Amor pelas mulheres: a sororidade
Em 2017 conheci minha atual companheira, após uma vida toda me relacionado com homens. Relacionar-se romanticamente com outra mulher é um ato revolucionário, é sair da norma de competição, ódio e repulsa que somos condicionadas a praticar. É mais do que possível existir um amor genuíno e recíproco na mesma proporção.
Vivemos juntas há mais de dois anos. Além de sermos diferentes fisicamente, também somos um casal inter-racial, o que desperta mais olhares. Gostamos de consumir conteúdos diferentes, mas temos os mesmos valores de vida e de futuro. Somos feministas, ela é psicóloga de mulheres e eu, uma antropóloga que pesquisa contextos e situações vividas por mulheres negras. Nossas práticas de sororidade ultrapassam as paredes do nosso lar e chegam até diversas outras mulheres por meio de nossos trabalhos.
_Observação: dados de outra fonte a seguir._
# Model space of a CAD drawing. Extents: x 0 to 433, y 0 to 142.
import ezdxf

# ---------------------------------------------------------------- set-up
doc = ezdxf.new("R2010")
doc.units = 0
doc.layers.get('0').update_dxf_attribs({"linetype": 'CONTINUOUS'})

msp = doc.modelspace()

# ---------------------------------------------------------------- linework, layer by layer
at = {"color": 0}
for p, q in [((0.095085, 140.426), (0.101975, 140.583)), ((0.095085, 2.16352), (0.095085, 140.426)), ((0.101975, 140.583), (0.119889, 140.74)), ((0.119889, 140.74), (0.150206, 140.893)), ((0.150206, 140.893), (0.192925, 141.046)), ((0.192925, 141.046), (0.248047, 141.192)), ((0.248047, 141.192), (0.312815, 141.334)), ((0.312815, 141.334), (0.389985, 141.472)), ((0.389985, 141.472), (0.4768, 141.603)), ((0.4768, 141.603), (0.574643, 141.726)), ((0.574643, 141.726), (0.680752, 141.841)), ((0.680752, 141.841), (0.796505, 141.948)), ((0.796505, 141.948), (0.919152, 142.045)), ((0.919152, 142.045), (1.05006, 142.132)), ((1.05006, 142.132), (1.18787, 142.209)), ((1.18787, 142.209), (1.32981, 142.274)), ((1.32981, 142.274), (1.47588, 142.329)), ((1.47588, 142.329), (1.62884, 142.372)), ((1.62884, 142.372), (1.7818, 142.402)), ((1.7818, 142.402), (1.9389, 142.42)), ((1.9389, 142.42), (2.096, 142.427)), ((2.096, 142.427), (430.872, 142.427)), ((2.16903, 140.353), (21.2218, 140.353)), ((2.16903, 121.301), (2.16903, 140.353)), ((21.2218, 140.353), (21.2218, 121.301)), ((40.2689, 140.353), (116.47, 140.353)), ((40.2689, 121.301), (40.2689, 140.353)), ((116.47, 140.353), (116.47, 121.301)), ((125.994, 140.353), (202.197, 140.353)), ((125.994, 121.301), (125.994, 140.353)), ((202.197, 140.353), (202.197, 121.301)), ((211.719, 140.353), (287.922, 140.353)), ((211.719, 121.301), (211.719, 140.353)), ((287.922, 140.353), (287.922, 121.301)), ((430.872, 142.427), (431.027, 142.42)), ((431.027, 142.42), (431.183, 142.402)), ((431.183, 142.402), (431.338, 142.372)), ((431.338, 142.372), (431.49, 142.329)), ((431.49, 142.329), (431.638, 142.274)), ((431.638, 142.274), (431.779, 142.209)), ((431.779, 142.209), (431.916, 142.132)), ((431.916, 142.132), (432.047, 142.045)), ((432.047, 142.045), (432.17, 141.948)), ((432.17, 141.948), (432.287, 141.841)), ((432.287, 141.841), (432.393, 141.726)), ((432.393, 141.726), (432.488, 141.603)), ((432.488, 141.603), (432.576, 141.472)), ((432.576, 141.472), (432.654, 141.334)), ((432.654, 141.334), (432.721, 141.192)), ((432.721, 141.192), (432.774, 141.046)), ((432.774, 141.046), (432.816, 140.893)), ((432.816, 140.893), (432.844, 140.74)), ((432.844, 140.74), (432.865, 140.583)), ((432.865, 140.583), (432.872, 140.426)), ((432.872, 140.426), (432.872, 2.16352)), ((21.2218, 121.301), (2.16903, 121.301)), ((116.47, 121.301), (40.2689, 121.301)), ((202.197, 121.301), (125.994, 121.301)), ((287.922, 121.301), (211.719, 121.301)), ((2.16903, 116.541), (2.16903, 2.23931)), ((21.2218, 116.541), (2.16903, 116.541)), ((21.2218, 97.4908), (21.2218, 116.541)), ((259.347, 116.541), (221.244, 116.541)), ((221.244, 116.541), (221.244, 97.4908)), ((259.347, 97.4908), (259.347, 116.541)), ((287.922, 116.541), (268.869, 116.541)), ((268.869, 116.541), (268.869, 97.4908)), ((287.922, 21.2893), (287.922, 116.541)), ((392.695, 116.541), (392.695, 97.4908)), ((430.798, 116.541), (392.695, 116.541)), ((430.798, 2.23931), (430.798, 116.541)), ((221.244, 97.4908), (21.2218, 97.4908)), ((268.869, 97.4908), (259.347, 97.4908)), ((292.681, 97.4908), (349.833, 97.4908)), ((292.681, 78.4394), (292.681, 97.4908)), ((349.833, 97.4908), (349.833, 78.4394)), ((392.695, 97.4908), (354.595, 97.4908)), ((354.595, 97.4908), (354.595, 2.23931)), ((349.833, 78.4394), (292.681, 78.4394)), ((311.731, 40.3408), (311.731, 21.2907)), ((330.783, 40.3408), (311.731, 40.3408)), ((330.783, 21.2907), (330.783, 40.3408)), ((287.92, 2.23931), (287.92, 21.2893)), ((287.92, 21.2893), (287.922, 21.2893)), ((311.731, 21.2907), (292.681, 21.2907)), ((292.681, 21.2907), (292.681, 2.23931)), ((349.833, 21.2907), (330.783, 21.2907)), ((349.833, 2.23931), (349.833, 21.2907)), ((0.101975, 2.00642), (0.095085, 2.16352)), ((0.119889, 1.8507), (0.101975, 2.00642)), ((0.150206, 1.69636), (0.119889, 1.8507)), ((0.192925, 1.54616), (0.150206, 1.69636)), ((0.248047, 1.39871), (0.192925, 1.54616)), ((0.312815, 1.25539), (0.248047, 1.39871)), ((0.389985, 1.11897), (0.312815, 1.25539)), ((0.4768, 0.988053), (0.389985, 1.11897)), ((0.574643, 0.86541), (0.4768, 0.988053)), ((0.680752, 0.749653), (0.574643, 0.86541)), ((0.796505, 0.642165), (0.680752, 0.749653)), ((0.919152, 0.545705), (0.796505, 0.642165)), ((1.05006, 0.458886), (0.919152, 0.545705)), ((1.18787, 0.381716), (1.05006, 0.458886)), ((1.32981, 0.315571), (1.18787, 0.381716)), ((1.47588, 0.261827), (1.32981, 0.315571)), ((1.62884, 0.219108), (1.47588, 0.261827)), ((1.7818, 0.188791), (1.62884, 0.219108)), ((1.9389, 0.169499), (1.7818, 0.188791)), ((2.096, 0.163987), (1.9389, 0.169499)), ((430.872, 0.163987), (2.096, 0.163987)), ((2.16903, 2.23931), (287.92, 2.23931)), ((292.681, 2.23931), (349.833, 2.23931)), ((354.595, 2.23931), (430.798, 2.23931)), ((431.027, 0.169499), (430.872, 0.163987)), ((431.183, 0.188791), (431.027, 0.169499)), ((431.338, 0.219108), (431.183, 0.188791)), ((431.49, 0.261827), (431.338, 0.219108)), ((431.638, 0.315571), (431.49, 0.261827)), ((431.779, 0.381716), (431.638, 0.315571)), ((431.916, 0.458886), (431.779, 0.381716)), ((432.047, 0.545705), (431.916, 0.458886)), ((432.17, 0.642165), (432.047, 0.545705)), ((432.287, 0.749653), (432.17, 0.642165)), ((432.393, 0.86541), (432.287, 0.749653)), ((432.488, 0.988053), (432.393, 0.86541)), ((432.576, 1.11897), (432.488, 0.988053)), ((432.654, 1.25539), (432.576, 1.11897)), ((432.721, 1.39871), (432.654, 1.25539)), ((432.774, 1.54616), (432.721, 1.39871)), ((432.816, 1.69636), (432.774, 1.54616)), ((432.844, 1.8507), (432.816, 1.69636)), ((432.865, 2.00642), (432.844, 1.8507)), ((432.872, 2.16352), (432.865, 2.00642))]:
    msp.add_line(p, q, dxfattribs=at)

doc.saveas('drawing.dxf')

O termo sororidade significa união, irmandade. Mas eu acredito que a união começa por nós mesmas, como seres sociais, nos unirmos com nossa alma, nosso espírito, nosso corpo, nossa história. Entendermos o quão potentes e revolucionárias somos, pois é a partir daí que conseguiremos criar um movimento muito maior, atingindo outras mulheres. Quando uma mulher se movimenta, outras se movimentam com ela.”
Conheça Suelen Matos
Suelen é designer de moda, especialista em africanidades e cultura afro-brasileira e mestranda em antropologia. Atua como pesquisadora sobre questões raciais e de gênero na moda, feminismo negro, ascensão social da mulher negra, afroempreendedorismo feminino e empreendedorismo social.
Mulheres que inspiram sororidade para seguir
Nataly Neri (@natalyneri)
Cientista social e youtuber do canal “Afros e Afins”. Em seus posts, fala, especialmente, sobre feminismo negro, empoderamento e relações de poder entre humanos e animais.
Joice Berth (@joiceberth)
Escritora, feminista negra e arquiteta, Joice é autora do livro O que é Empoderamento?, da coleção Feminismos Plurais, e debate sobre questões raciais e de gênero.
Tauani Vieira (@tauani26)
Estudante de psicologia pela Universidade Federal do Paraná (UFPR), a Tauani fala sobre a realidade das mulheres com deficiência. Ela tem Epidermólise Bolhosa (EB), uma doença do tecido conjuntivo, que causa bolhas na pele e membranas mucosas.
Hadassa Gomes (@hadeusa)
Designer de moda também de Curitiba, ela fala sobre as condições de ser mulher negra e gorda em nossa sociedade, passando por temas como afrofuturismo.
*Matéria originalmente publicada na edição 231 da revista TOPVIEW.